Ability to Incur Debt
The venture capital fund is limited by the VC Investor Exemption on how much debt it can incur or debts it can guarantee. The fund cannot incur debt that exceeds 15% of the total capital pledged to the fund by the investors. Also, any debt cannot exceed a 120-day repayment period and cannot be renewable.
Investor Redemption Rights
Investors in the venture capital fund receive an ownership interest in the fund in exchange for their capital investment. This interest received is generally considered a security for regulation purposes. The venture capital exemption requires that the equity issued to investors have no right of redemption except in “extraordinary circumstances”. That is, the investors in the fund cannot demand repayment or be cashed out from the investment fund prior to the fund dissolution. The investors can, however, receive pro rata distributions from the fund. One scenario that could cause issues are when an investor sells her interest to another investor. Generally, as long as there is an applicable exemption to transfer of securities under the SEC registration exemptions, a transfer of one’s interest in the VC fund is permitted. The company should seek a legal opinion before allowing the investor to sell her interest.
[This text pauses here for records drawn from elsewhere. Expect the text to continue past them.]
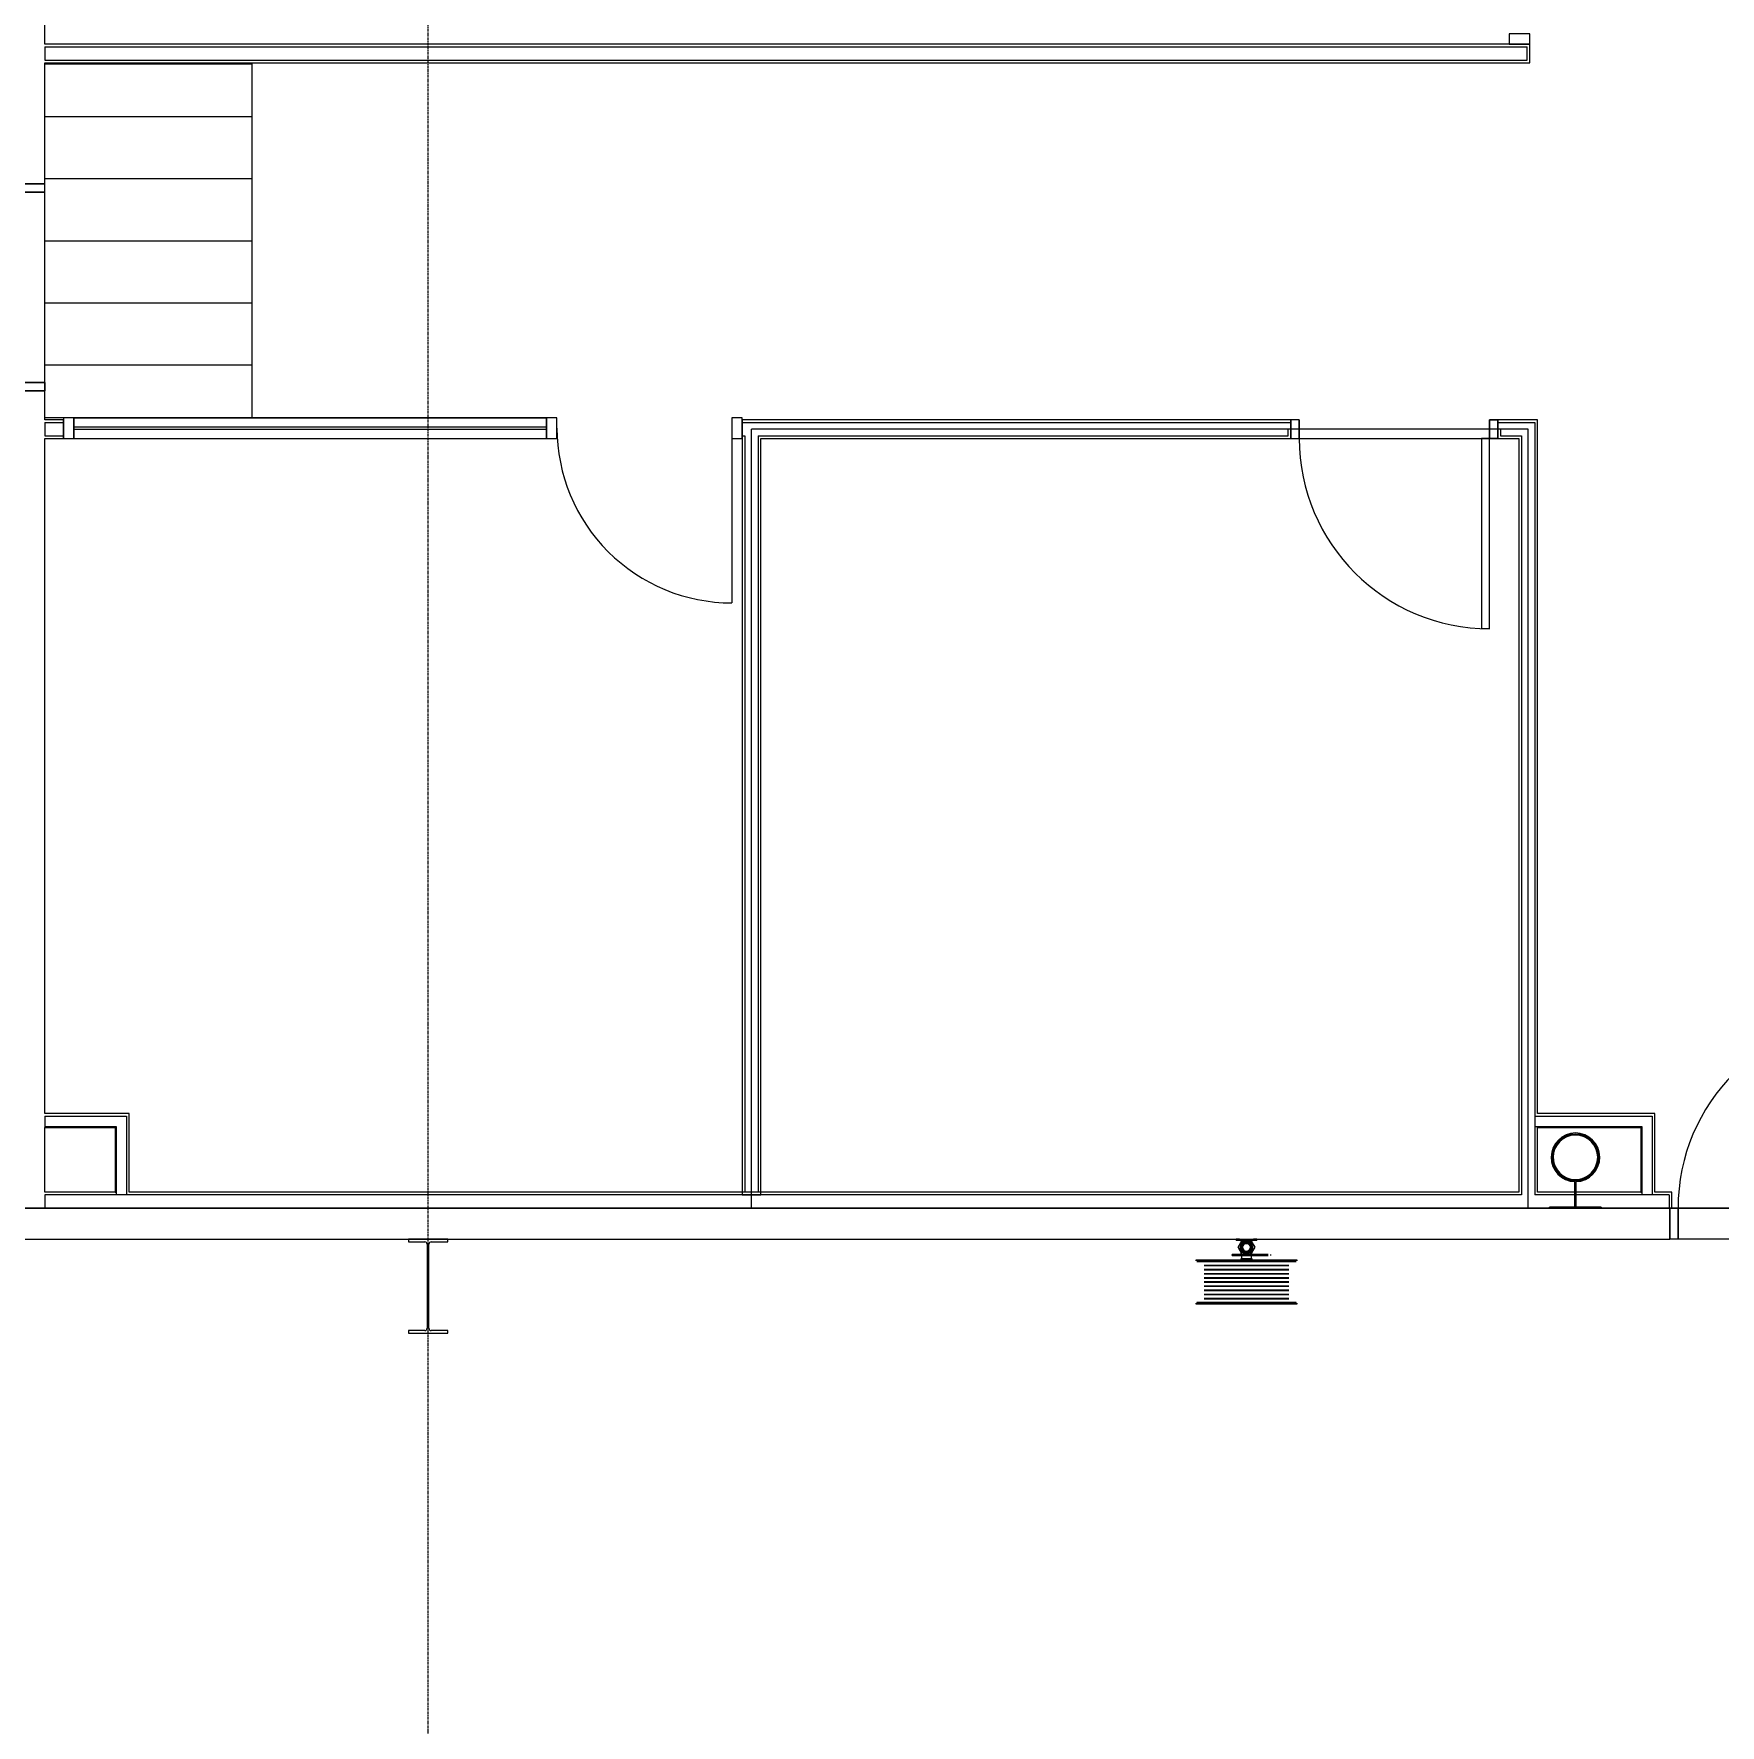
# Model space of a CAD drawing. Header units: millimetres. Extents: x -637480 to 299894, y -125373 to 39000.
# Drawn here: x 229697 to 237844, y -2498 to 5675 of the extents above; entities that cross this region are included whole.
import ezdxf

# ---------------------------------------------------------------- set-up
doc = ezdxf.new("R2010")
doc.units = ezdxf.units.MM
doc.linetypes.add('Xref building Toll$0$Grid Line', pattern=[22.225, 12.7, -3.175, 3.175, -3.175])
for name, color, linetype, lineweight in [('AM_BOR', 4, 'Continuous', 25), ('Xref building Toll$0$A-DOOR', 31, 'Continuous', 9), ('Xref building Toll$0$A-DOOR-HDLN', 31, 'Continuous', 9), ('Xref building Toll$0$A-FLOR', 192, 'Continuous', 25), ('Xref building Toll$0$A-FLOR-PATT', 8, 'Continuous', 18), ('Xref building Toll$0$A-GENM', 13, 'Continuous', 9), ('Xref building Toll$0$A-GLAZ-CURT', 52, 'Continuous', 9), ('Xref building Toll$0$A-GLAZ-CWMG', 51, 'Continuous', 9), ('Xref building Toll$0$A-WALL', 113, 'Continuous', 9), ('Xref building Toll$0$P-PIPE', 3, 'Continuous', 9), ('Xref building Toll$0$P-SANR-FIXT', 6, 'Continuous', 9), ('Xref building Toll$0$S-COLS', 52, 'Continuous', 9)]:
    doc.layers.add(name, color=color, linetype=linetype, lineweight=lineweight)
doc.layers.add('Xref building Toll$0$S-GRID', color=8, linetype='Continuous')

# ---------------------------------------------------------------- blocks, each defined once
blk = doc.blocks.new('Xref building Toll$0$Toll Grids')
at = {"layer": 'Xref building Toll$0$S-GRID', "linetype": 'Xref building Toll$0$Grid Line'}
for p, q in [((231601, -125373.3), (231601, 36031.5)), ((-9195.8, 0), (280997.7, 0))]:
    blk.add_line(p, q, dxfattribs=at)
blk = doc.blocks.new('Xref building Toll$0$_SBA 1SWING SPDoor 01a - 920W x 2700H OD-1991713-MASTER GROUND FLOOR')
at = {"layer": 'Xref building Toll$0$A-DOOR'}
for p, q in [((-500, -85), (-500, 85)), ((-460, 85), (-500, 85)), ((-500, 85), (-500, 85)), ((-460, 85), (-500, 85)), ((-500, 85), (-500, -85)), ((-460, 85), (-460, 85)), ((-460, 85), (-460, -85)), ((-460, -85), (-460, 85)), ((460, 85), (500, 85)), ((460, -85), (460, 85)), ((460, 85), (460, 85)), ((500, 85), (460, 85)), ((460, 85), (460, -85)), ((500, 85), (500, -85)), ((500, 85), (500, 85)), ((500, -85), (500, 85)), ((-500, -85), (-500, -85)), ((-500, -85), (-460, -85)), ((-500, -85), (-460, -85)), ((-460, -85), (-460, -85)), ((420, -85), (420, -1005)), ((460, -85), (420, -85)), ((460, -1005), (460, -85)), ((500, -85), (460, -85)), ((460, -85), (460, -85)), ((460, -85), (500, -85)), ((500, -85), (500, -85)), ((460, -1005), (420, -1005))]:
    blk.add_line(p, q, dxfattribs=at)
blk.add_arc((460, -85), 920, 180, 270, dxfattribs=at)
at = {"layer": 'Xref building Toll$0$A-DOOR-HDLN'}
blk.add_line((-460, -85), (460, -85), dxfattribs=at)
blk = doc.blocks.new('Xref building Toll$0$DOOR_CWall_SGlass 01 - DOOR_CWall_SGlass 01-2170821-MASTER GROUND FLOOR')
at = {"layer": 'Xref building Toll$0$A-DOOR'}
blk.add_line((-422.5, 0), (-422.5, 845), dxfattribs=at)
blk.add_arc((-422.5, 0), 845, 360, 90, dxfattribs=at)
blk = doc.blocks.new('Xref building Toll$0$System Panel - _SBA Glazing Office-2130179-MASTER GROUND FLOOR')
at = {"layer": 'Xref building Toll$0$A-GLAZ-CURT'}
for p, q in [((1142, 5), (-1142, 5)), ((-1142, 5), (-1142, -5)), ((-1142, 5), (-1142, 5)), ((1142, -5), (1142, 5)), ((1142, 5), (1142, 5)), ((-1142, -5), (1142, -5)), ((-1142, -5), (-1142, -5)), ((1142, -5), (1142, -5))]:
    blk.add_line(p, q, dxfattribs=at)
blk = doc.blocks.new('Xref building Toll$0$Rectangular Mullion - _SBA 50 x 100mm Office-2130177-MASTER GROUND FLOOR')
at = {"layer": 'Xref building Toll$0$A-GLAZ-CWMG'}
for p, q in [((237890, 143832.5), (237890, 143732.5)), ((237890, 143732.5), (237890, 143832.5)), ((237890, 143832.5), (237890, 143832.5)), ((240174, 143832.5), (237890, 143832.5)), ((237890, 143832.5), (240174, 143832.5)), ((240174, 143832.5), (240174, 143832.5)), ((240174, 143832.5), (240174, 143732.5)), ((240174, 143732.5), (240174, 143832.5)), ((237890, 143732.5), (237890, 143732.5)), ((237890, 143732.5), (240174, 143732.5)), ((237890, 143732.5), (240174, 143732.5)), ((240174, 143732.5), (240174, 143732.5))]:
    blk.add_line(p, q, dxfattribs=at)
blk = doc.blocks.new('Xref building Toll$0$Rectangular Mullion - _SBA 50 x 100mm Office-1195859-MASTER GROUND FLOOR')
at = {"layer": 'Xref building Toll$0$A-GLAZ-CWMG', "lineweight": 18}
for p, q in [((-50, 50), (0, 50)), ((-50, -50), (-50, 50)), ((0, 50), (0, -50)), ((0, -50), (-50, -50))]:
    blk.add_line(p, q, dxfattribs=at)
at = {"layer": 'Xref building Toll$0$A-GLAZ-CWMG'}
for p, q in [((-50, 50), (-50, 50)), ((0, 50), (0, 50)), ((-50, -50), (-50, -50)), ((0, -50), (0, -50))]:
    blk.add_line(p, q, dxfattribs=at)
blk = doc.blocks.new('Xref building Toll$0$Rectangular Mullion - _SBA 50 x 100mm Office-2170822-MASTER GROUND FLOOR')
at = {"layer": 'Xref building Toll$0$A-GLAZ-CWMG', "lineweight": 18}
for p, q in [((0, 50), (-50, 50)), ((-50, 50), (-50, -50)), ((0, -50), (0, 50)), ((-50, -50), (0, -50))]:
    blk.add_line(p, q, dxfattribs=at)
at = {"layer": 'Xref building Toll$0$A-GLAZ-CWMG'}
for p, q in [((-50, 50), (-50, 50)), ((0, 50), (0, 50)), ((-50, -50), (-50, -50)), ((0, -50), (0, -50))]:
    blk.add_line(p, q, dxfattribs=at)
blk = doc.blocks.new('Xref building Toll$0$Rectangular Mullion - _SBA 50 x 100mm Office-1195857-MASTER GROUND FLOOR')
at = {"layer": 'Xref building Toll$0$A-GLAZ-CWMG', "lineweight": 18}
for p, q in [((-25, 50), (25, 50)), ((-25, -50), (-25, 50)), ((25, 50), (25, -50)), ((25, -50), (-25, -50))]:
    blk.add_line(p, q, dxfattribs=at)
at = {"layer": 'Xref building Toll$0$A-GLAZ-CWMG'}
for p, q in [((-25, 50), (-25, 50)), ((25, 50), (25, 50)), ((-25, -50), (-25, -50)), ((25, -50), (25, -50))]:
    blk.add_line(p, q, dxfattribs=at)
blk = doc.blocks.new('Xref building Toll$0$_SBA 1SWING SPDoor 01a - 920W x 2040H WD-1991709-MASTER GROUND FLOOR')
at = {"layer": 'Xref building Toll$0$A-DOOR'}
for p, q in [((460, 995), (420, 995)), ((420, 75), (420, 995)), ((460, 995), (460, 75)), ((-500, 75), (-500, 75)), ((-500, 75), (-500, -75)), ((-500, 75), (-460, 75)), ((-500, 75), (-460, 75)), ((-500, -75), (-500, 75)), ((-460, -75), (-460, 75)), ((-460, 75), (-460, 75)), ((-460, 75), (-460, -75)), ((460, 75), (420, 75)), ((460, 75), (460, -75)), ((500, 75), (460, 75)), ((460, 75), (460, 75)), ((460, 75), (500, 75)), ((460, -75), (460, 75)), ((500, -75), (500, 75)), ((500, 75), (500, 75)), ((500, 75), (500, -75)), ((-460, -75), (-500, -75)), ((-500, -75), (-500, -75)), ((-460, -75), (-500, -75)), ((-460, -75), (-460, -75)), ((460, -75), (500, -75)), ((460, -75), (460, -75)), ((500, -75), (460, -75)), ((500, -75), (500, -75))]:
    blk.add_line(p, q, dxfattribs=at)
blk.add_arc((460, 75), 920, 90, 180, dxfattribs=at)
at = {"layer": 'Xref building Toll$0$A-DOOR-HDLN'}
blk.add_line((-460, 75), (460, 75), dxfattribs=at)
blk = doc.blocks.new('Xref building Toll$0$_SBA 1SWING SPDoor 01a - 920W x 2700H OD-1991721-MASTER GROUND FLOOR')
at = {"layer": 'Xref building Toll$0$A-DOOR'}
for p, q in [((-500, -45), (-500, 45)), ((-460, 45), (-500, 45)), ((-500, 45), (-500, 45)), ((-460, 45), (-500, 45)), ((-500, 45), (-500, -45)), ((-460, 45), (-460, 45)), ((-460, 45), (-460, -45)), ((-460, -45), (-460, 45)), ((460, 45), (500, 45)), ((460, -45), (460, 45)), ((460, 45), (460, 45)), ((500, 45), (460, 45)), ((460, 45), (460, -45)), ((500, 45), (500, -45)), ((500, 45), (500, 45)), ((500, -45), (500, 45)), ((-500, -45), (-500, -45)), ((-500, -45), (-460, -45)), ((-500, -45), (-460, -45)), ((-460, -45), (-460, -45)), ((420, -45), (420, -965)), ((460, -45), (420, -45)), ((460, -965), (460, -45)), ((500, -45), (460, -45)), ((460, -45), (460, -45)), ((460, -45), (500, -45)), ((500, -45), (500, -45)), ((460, -965), (420, -965))]:
    blk.add_line(p, q, dxfattribs=at)
blk.add_arc((460, -45), 920, 180, 270, dxfattribs=at)
at = {"layer": 'Xref building Toll$0$A-DOOR-HDLN'}
blk.add_line((-460, -45), (460, -45), dxfattribs=at)
blk = doc.blocks.new('Xref building Toll$0$UB-Universal Beam-Column - C1_5_460UB67-1338434-MASTER GROUND FLOOR')
at = {"layer": 'Xref building Toll$0$S-COLS', "lineweight": 18}
for p, q in [((95, 227), (-95, 227)), ((-95, 227), (-95, 214.3)), ((-95, 214.3), (-15.65, 214.3)), ((-4.25, 202.9), (-4.25, -202.9)), ((4.25, -202.9), (4.25, 202.9)), ((15.65, 214.3), (95, 214.3)), ((95, 214.3), (95, 227)), ((-15.65, -214.3), (-95, -214.3)), ((-95, -214.3), (-95, -227)), ((-95, -227), (95, -227)), ((95, -214.3), (15.65, -214.3)), ((95, -227), (95, -214.3))]:
    blk.add_line(p, q, dxfattribs=at)
at = {"layer": 'Xref building Toll$0$S-COLS'}
for p, q in [((-95, 227), (-95, 227)), ((-95, 214.3), (-95, 214.3)), ((95, 227), (95, 227)), ((95, 214.3), (95, 214.3)), ((-95, -214.3), (-95, -214.3)), ((-95, -227), (-95, -227)), ((95, -214.3), (95, -214.3)), ((95, -227), (95, -227))]:
    blk.add_line(p, q, dxfattribs=at)
at = {"layer": 'Xref building Toll$0$S-COLS', "lineweight": 18}
for centre, start, end in [((-15.65, 202.9), 0, 90), ((15.65, 202.9), 90, 180), ((-15.65, -202.9), 270, 0), ((15.65, -202.9), 180, 270)]:
    blk.add_arc(centre, 11.4, start, end, dxfattribs=at)
blk = doc.blocks.new('Xref building Toll$0$DWP_Downpipe - 225mm-1378646-MASTER GROUND FLOOR')
at = {"layer": 'Xref building Toll$0$P-PIPE'}
for radius, start, end in [(112.5, 0, 180), (112.5, 0, 180), (107.5, 0, 180), (107.5, 360, 180), (112.5, 180, 360), (112.5, 180, 0), (107.5, 180, 360), (107.5, 180, 360)]:
    blk.add_arc((-33.5, -236), radius, start, end, dxfattribs=at)
blk = doc.blocks.new('Xref building Toll$0$DPS_Downpipe Clamp - D225-1272585-MASTER GROUND FLOOR')
at = {"layer": 'Xref building Toll$0$A-GENM'}
for p, q in [((-2.5, -117.5), (-2.5, -241)), ((-2.5, -241), (-2.5, -117.5)), ((-2.5, -117.5), (-2.5, -117.5)), ((2.5, -241), (2.5, -117.5)), ((2.5, -117.5), (2.5, -241)), ((2.5, -117.5), (2.5, -117.5)), ((-2.5, -241), (-125, -241)), ((-125, -241), (-125, -246)), ((-125, -246), (-125, -241)), ((-125, -241), (-2.5, -241)), ((-125, -241), (-125, -241)), ((-2.5, -241), (-2.5, -241)), ((125, -241), (2.5, -241)), ((2.5, -241), (125, -241)), ((2.5, -241), (2.5, -241)), ((125, -246), (125, -241)), ((125, -241), (125, -246)), ((125, -241), (125, -241)), ((-125, -246), (125, -246)), ((125, -246), (-125, -246)), ((-125, -246), (-125, -246)), ((125, -246), (125, -246))]:
    blk.add_line(p, q, dxfattribs=at)
for radius, start, end in [(117.5, 271.21915, 268.78085), (117.5, 271.21915, 268.78085), (112.5, 0, 180), (112.5, 360, 180), (112.5, 180, 360), (112.5, 180, 360)]:
    blk.add_arc((0, 0), radius, start, end, dxfattribs=at)
blk = doc.blocks.new('Xref building Toll$0$FHR_1 - FHR 2-1826892-MASTER GROUND FLOOR')
at = {"layer": 'Xref building Toll$0$P-SANR-FIXT'}
for p, q in [((-120, 386.6), (-120, 384.1)), ((-115, 384.1), (-115, 381.1)), ((-115, 384.1), (365, 384.1)), ((365, 384.1), (-115, 384.1)), ((-115, 384.1), (-115, 381.1)), ((-115, 381.1), (365, 381.1)), ((365, 381.1), (-115, 381.1)), ((-80, 386.6), (-80, 384.1)), ((45.3, 386.6), (-79.5, 386.6)), ((-79.5, 386.6), (-79.5, 386.6)), ((-79.5, 386.6), (45.2, 386.6)), ((-79.5, 384.1), (-79.5, 386.6)), ((-79.5, 384.1), (-79.5, 386.6)), ((45.3, 384.1), (-79.5, 384.1)), ((-79.5, 384.1), (-79.5, 384.1)), ((-79.5, 384.1), (45.2, 384.1)), ((26.2, 386.6), (1.1, 386.6)), ((1.1, 386.6), (55.9, 386.6)), ((56.5, 386.6), (1.1, 386.6)), ((1.1, 386.6), (26.2, 386.6)), ((1.1, 384.1), (1.1, 386.6)), ((1.1, 384.1), (1.1, 386.6)), ((26.2, 384.1), (1.1, 384.1)), ((1.1, 384.1), (55.9, 384.1)), ((56.5, 384.1), (1.1, 384.1)), ((1.1, 384.1), (26.2, 384.1)), ((106.8, 386.6), (26.2, 386.6)), ((26.2, 386.6), (106.8, 386.6)), ((26.2, 384.1), (26.2, 386.6)), ((26.2, 384.1), (26.2, 386.6)), ((106.8, 384.1), (26.2, 384.1)), ((26.2, 384.1), (106.8, 384.1)), ((45.2, 386.6), (56.5, 386.6)), ((45.2, 384.1), (45.2, 386.6)), ((45.2, 384.1), (56.5, 384.1)), ((55.9, 386.6), (45.3, 386.6)), ((55.9, 384.1), (45.3, 384.1)), ((55.9, 384.1), (55.9, 386.6)), ((57.9, 384.1), (57.9, 386.6)), ((58, 384.1), (58, 386.6)), ((143.2, 386.6), (106.8, 386.6)), ((106.8, 386.6), (143.2, 386.6)), ((143.2, 384.1), (106.8, 384.1)), ((106.8, 384.1), (143.2, 384.1)), ((125, 386.6), (125, 386.6)), ((125, 386.6), (125, 386.6)), ((125, 386.6), (125, 386.6)), ((125, 386.6), (125, 386.6)), ((125, 384.1), (125, 384.1)), ((125, 384.1), (125, 384.1)), ((125, 384.1), (125, 384.1)), ((125, 384.1), (125, 384.1)), ((125, 381.1), (125, 381.1)), ((125, 381.1), (125, 381.1)), ((223.8, 386.6), (143.2, 386.6)), ((143.2, 386.6), (223.8, 386.6)), ((223.8, 384.1), (143.2, 384.1)), ((143.2, 384.1), (223.8, 384.1)), ((191.7, 386.6), (191.7, 384.1)), ((191.8, 386.6), (191.8, 384.1)), ((204, 386.6), (193.5, 386.6)), ((193.5, 386.6), (248.9, 386.6)), ((193.5, 384.1), (193.5, 386.6)), ((204, 384.1), (193.5, 384.1)), ((193.5, 384.1), (248.9, 384.1)), ((248.9, 386.6), (193.8, 386.6)), ((193.8, 386.6), (204.2, 386.6)), ((193.8, 384.1), (193.8, 386.6)), ((248.9, 384.1), (193.8, 384.1)), ((193.8, 384.1), (204.2, 384.1)), ((329.5, 386.6), (204, 386.6)), ((329.5, 384.1), (204, 384.1)), ((204.2, 386.6), (329.5, 386.6)), ((204.2, 384.1), (329.5, 384.1)), ((248.9, 386.6), (223.8, 386.6)), ((223.8, 386.6), (248.9, 386.6)), ((223.8, 384.1), (223.8, 386.6)), ((223.8, 384.1), (223.8, 386.6)), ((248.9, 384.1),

Non-Registration under the Investor Company Act
Lastly, the venture capital fund cannot be previously registered under the Company Act. Also, it cannot be a business development company, which is a publicly-traded private equity company used to provide funds to troubled businesses. This is not an important distinction, as all venture capital funds are “private companies” that seek exclusion from securities registration under the Securities Act of 1933. Statutory exemptions under section 3(c)(1) and 3(a)(7) effectively exempt the VC fund from registration under the Company Act.